WORK INSTRUCTIONS
For the material below, return exactly the lines starting at the line containing "Cpv = 300e-6;" and ending at the line containing "iLb = x(4);", both ends included, and no others.

WORKING DATA
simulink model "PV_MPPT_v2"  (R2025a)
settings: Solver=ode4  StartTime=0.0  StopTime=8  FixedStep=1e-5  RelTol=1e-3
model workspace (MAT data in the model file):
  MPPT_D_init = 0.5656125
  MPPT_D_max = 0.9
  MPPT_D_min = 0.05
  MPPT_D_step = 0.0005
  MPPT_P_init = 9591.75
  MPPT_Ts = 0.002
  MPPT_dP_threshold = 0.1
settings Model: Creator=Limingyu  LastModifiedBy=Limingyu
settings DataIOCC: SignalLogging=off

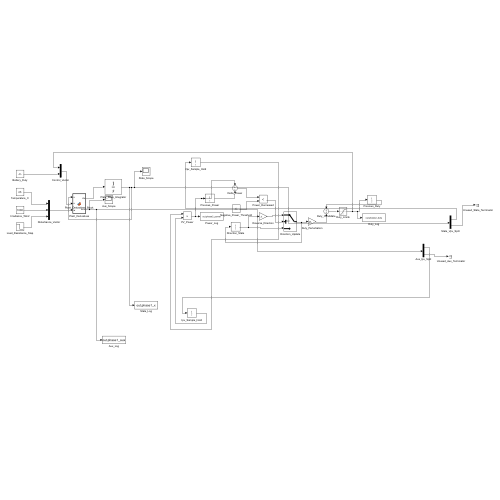
[thumbnail: Simulink's stored preview of the top-level diagram]
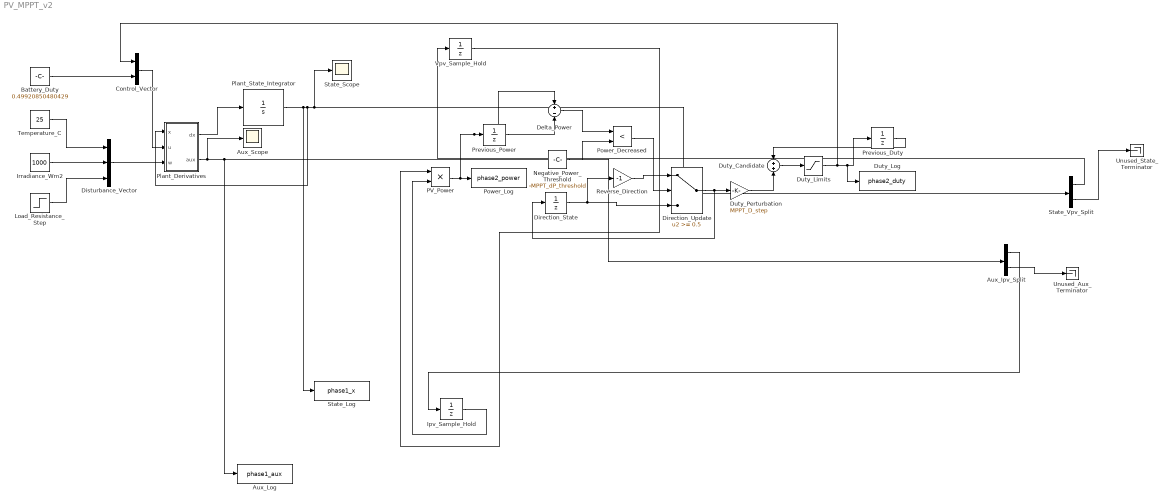
== system PV_MPPT_v2 ==
  Aux_Ipv_Split : Demux  Outputs=[1 9]
  Aux_Log : ToWorkspace  VariableName=phase1_aux  SaveFormat=Timeseries
      settings: MaxDataPoints=20000  Decimation=100
  Aux_Scope : Scope
  Battery_Duty : Constant  Value=0.49920850480429
  Control_Vector : Mux  Inputs=2
  Delta_Power : Sum  Inputs=+-
  Direction_State : UnitDelay  InitialCondition=1  SampleTime=MPPT_Ts
  Direction_Update : Switch  Threshold=0.5
  Disturbance_Vector : Mux  Inputs=3
  Duty_Candidate : Sum
  Duty_Limits : Saturate  UpperLimit=MPPT_D_max  LowerLimit=MPPT_D_min
  Duty_Log : ToWorkspace  VariableName=phase2_duty  SaveFormat=Timeseries  SampleTime=-1
  Duty_Perturbation : Gain  Gain=MPPT_D_step
  Ipv_Sample_Hold : UnitDelay  InitialCondition=36.75  SampleTime=MPPT_Ts
  Irradiance_Wm2 : Constant  Value=1000
  Load_Resistance_Step : Step  Time=4  Before=50  After=25  SampleTime=0
  Negative_Power_Threshold : Constant  Value=-MPPT_dP_threshold
  PV_Power : Product
  Plant_Derivatives : MATLAB Function  TreatAsAtomicUnit=on
  Plant_State_Integrator : Integrator  InitialCondition=[261;36.75;300.395747597855;-7.91495195710325;0.8;600]
  Power_Decreased : RelationalOperator  Operator=<
  Power_Log : ToWorkspace  VariableName=phase2_power  SaveFormat=Timeseries  SampleTime=-1
  Previous_Duty : UnitDelay  InitialCondition=MPPT_D_init  SampleTime=MPPT_Ts
  Previous_Power : UnitDelay  InitialCondition=MPPT_P_init  SampleTime=MPPT_Ts
  Reverse_Direction : Gain  Gain=-1
  State_Log : ToWorkspace  VariableName=phase1_x  SaveFormat=Timeseries
      settings: MaxDataPoints=20000  Decimation=100
  State_Scope : Scope
  State_Vpv_Split : Demux  Outputs=[1 5]
  Temperature_C : Constant  Value=25
  Unused_Aux_Terminator : Terminator
  Unused_State_Terminator : Terminator
  Vpv_Sample_Hold : UnitDelay  InitialCondition=261  SampleTime=MPPT_Ts
  wires:
  Plant_Derivatives/2(aux) -> Aux_Log/1, Aux_Ipv_Split/1, Aux_Scope/1
  Plant_State_Integrator/1 -> State_Scope/1, State_Vpv_Split/1, Plant_Derivatives/1(x), State_Log/1
  Load_Resistance_Step/1 -> Disturbance_Vector/3
  Plant_Derivatives/1(dx) -> Plant_State_Integrator/1
  Irradiance_Wm2/1 -> Disturbance_Vector/2
  Temperature_C/1 -> Disturbance_Vector/1
  Disturbance_Vector/1 -> Plant_Derivatives/3(w)
  Battery_Duty/1 -> Control_Vector/2
  Control_Vector/1 -> Plant_Derivatives/2(u)
  State_Vpv_Split/2 -> Unused_State_Terminator/1
  Aux_Ipv_Split/2 -> Unused_Aux_Terminator/1
  PV_Power/1 -> Previous_Power/1, Delta_Power/1, Power_Log/1
  Previous_Power/1 -> Delta_Power/2
  Delta_Power/1 -> Power_Decreased/1
  Negative_Power_Threshold/1 -> Power_Decreased/2
  Direction_State/1 -> Reverse_Direction/1, Direction_Update/3
  Reverse_Direction/1 -> Direction_Update/1
  Power_Decreased/1 -> Direction_Update/2
  Direction_Update/1 -> Direction_State/1, Duty_Perturbation/1
  Previous_Duty/1 -> Duty_Candidate/1
  Duty_Perturbation/1 -> Duty_Candidate/2
  Duty_Candidate/1 -> Duty_Limits/1
  Duty_Limits/1 -> Duty_Log/1, Previous_Duty/1, Control_Vector/1
  State_Vpv_Split/1 -> Vpv_Sample_Hold/1
  Vpv_Sample_Hold/1 -> PV_Power/1
  Aux_Ipv_Split/1 -> Ipv_Sample_Hold/1
  Ipv_Sample_Hold/1 -> PV_Power/2

== matlab function PV_MPPT_v2/Plant_Derivatives ==
  data: x input; u input; dx output; w input; aux output
function [dx, aux] = Plant_Derivatives_Block(x, u, w)
%PLANT_DERIVATIVES_BLOCK Paste-ready code for a MATLAB Function block.
%   Inputs:
%     x = [vpv; iLpv; vb; iLb; SoC; vdc]
%     u = [dpv; db]
%     w = [temperature_degC; irradiance_Wm2; Rload_ohm]
%
%   Outputs:
%     dx  = six continuous-time state derivatives
%     aux = [Ipv; Ib; Ebat; dpv; db; Ppv; PpvBus; ...
%            PbatBus; Pload; powerBalanceResidual]
%
%   Current signs:
%     Ib > 0 and PbatBus > 0 mean battery discharge.
%     Ib < 0 and PbatBus < 0 mean battery charge.
%
%#codegen

%% Published converter and DC-bus parameters
Cpv = 300e-6;
Lpv = 10e-3;
rLpv = 10e-3;

Cb = 300e-6;
Lb = 10e-3;
rLb = 10e-3;

Cdc = 1500e-6;

%% Published battery ratings and phase-1 assumptions
batteryCapacityAh = 20;
batteryNominalVoltage = 300;
batteryInternalResistance = 0.05;  % Phase-1 assumption
batteryNominalSoC = 0.8;
batteryOcvSlope = 0;               % Constant OCV in phase 1

%% Published PV-module data
moduleVmp = 29;
moduleImp = 7.35;
moduleVoc = 36.3;
moduleIsc = 7.84;

%% Phase-1 PV-array and environmental assumptions
seriesModules = 9;
parallelStrings = 5;
referenceTemperatureC = 25;
referenceIrradiance = 1000;
iscTempCoefficient = 0.0005 * moduleIsc;
vocTempCoefficient = -0.0032 * moduleVoc;
vocLogCoefficient = 2.0;
minimumIrradianceRatio = 1e-6;

currentRatioAtMpp = moduleImp / moduleIsc;
voltageRatioAtMpp = moduleVmp / moduleVoc;
curveExponent = log(1 - currentRatioAtMpp) ...
    / log(voltageRatioAtMpp);

%% Unpack states, commands, and disturbances
vpv = x(1);
iLpv = x(2);
vb = x(3);
iLb = x(4);
soc = x(5);
vdc = x(6);

dpv = min(max(u(1), 0), 1);
db = min(max(u(2), 0), 1);

temperatureC = w(1);
irradiance = max(w(2), 0);
Rload = max(w(3), 1);

%% Empirical PV I-V curve
if irradiance <= 1e-6
    Ipv = 0;
else
    temperatureOffset = temperatureC - referenceTemperatureC;
    irradianceRatio = irradiance / referenceIrradiance;

    moduleIscNow = moduleIsc ...
        + iscTempCoefficient * temperatureOffset;
    arrayIsc = parallelStrings * irradianceRatio ...
        * max(moduleIscNow, 0);

    moduleVocNow = moduleVoc ...
        + vocTempCoefficient * temperatureOffset ...
        + vocLogCoefficient ...
        * log(max(irradianceRatio, minimumIrradianceRatio));
    moduleVocNow = max(moduleVocNow, 1);
    arrayVoc = seriesModules * moduleVocNow;

    normalizedVoltage = max(vpv, 0) / arrayVoc;
    if normalizedVoltage >= 1
        Ipv = 0;
    else
        Ipv = arrayIsc ...
            * (1 - normalizedVoltage^curveExponent);
    end
end

%% Simplified phase-1 battery model
boundedSoC = min(max(soc, 0), 1);
Ebat = batteryNominalVoltage ...
    + batteryOcvSlope * (boundedSoC - batteryNominalSoC);
Ib = (Ebat - vb) / batteryInternalResistance;

%% Six-state averaged plant equations
dx = zeros(6, 1);
dx(1) = (Ipv - iLpv) / Cpv;
dx(2) = (-rLpv * iLpv + vpv ...
    - (1 - dpv) * vdc) / Lpv;
dx(3) = (Ib - iLb) / Cb;
dx(4) = (-rLb * iLb + vb ...
    - (1 - db) * vdc) / Lb;

% Corrected form of the paper's Equation (12): SoC depends on battery
% current, equivalently on Ebat - vb, not on inductor current x(4).
dx(5) = -Ib / (3600 * batteryCapacityAh);

dx(6) = ((1 - dpv) * iLpv ...
    + (1 - db) * iLb ...
    - vdc / Rload) / Cdc;

%% Diagnostic outputs
Ppv = vpv * Ipv;
PpvBus = vdc * (1 - dpv) * iLpv;
PbatBus = vdc * (1 - db) * iLb;
Pload = vdc^2 / Rload;
dcBusStoredPower = Cdc * vdc * dx(6);
powerBalanceResidual = PpvBus + PbatBus ...
    - Pload - dcBusStoredPower;

aux = zeros(10, 1);
aux(1) = Ipv;
aux(2) = Ib;
aux(3) = Ebat;
aux(4) = dpv;
aux(5) = db;
aux(6) = Ppv;
aux(7) = PpvBus;
aux(8) = PbatBus;
aux(9) = Pload;
aux(10) = powerBalanceResidual;
end

PROBLEM SOLUTION
Cpv = 300e-6;
Lpv = 10e-3;
rLpv = 10e-3;

Cb = 300e-6;
Lb = 10e-3;
rLb = 10e-3;

Cdc = 1500e-6;

%% Published battery ratings and phase-1 assumptions
batteryCapacityAh = 20;
batteryNominalVoltage = 300;
batteryInternalResistance = 0.05;  % Phase-1 assumption
batteryNominalSoC = 0.8;
batteryOcvSlope = 0;               % Constant OCV in phase 1

%% Published PV-module data
moduleVmp = 29;
moduleImp = 7.35;
moduleVoc = 36.3;
moduleIsc = 7.84;

%% Phase-1 PV-array and environmental assumptions
seriesModules = 9;
parallelStrings = 5;
referenceTemperatureC = 25;
referenceIrradiance = 1000;
iscTempCoefficient = 0.0005 * moduleIsc;
vocTempCoefficient = -0.0032 * moduleVoc;
vocLogCoefficient = 2.0;
minimumIrradianceRatio = 1e-6;

currentRatioAtMpp = moduleImp / moduleIsc;
voltageRatioAtMpp = moduleVmp / moduleVoc;
curveExponent = log(1 - currentRatioAtMpp) ...
    / log(voltageRatioAtMpp);

%% Unpack states, commands, and disturbances
vpv = x(1);
iLpv = x(2);
vb = x(3);
iLb = x(4);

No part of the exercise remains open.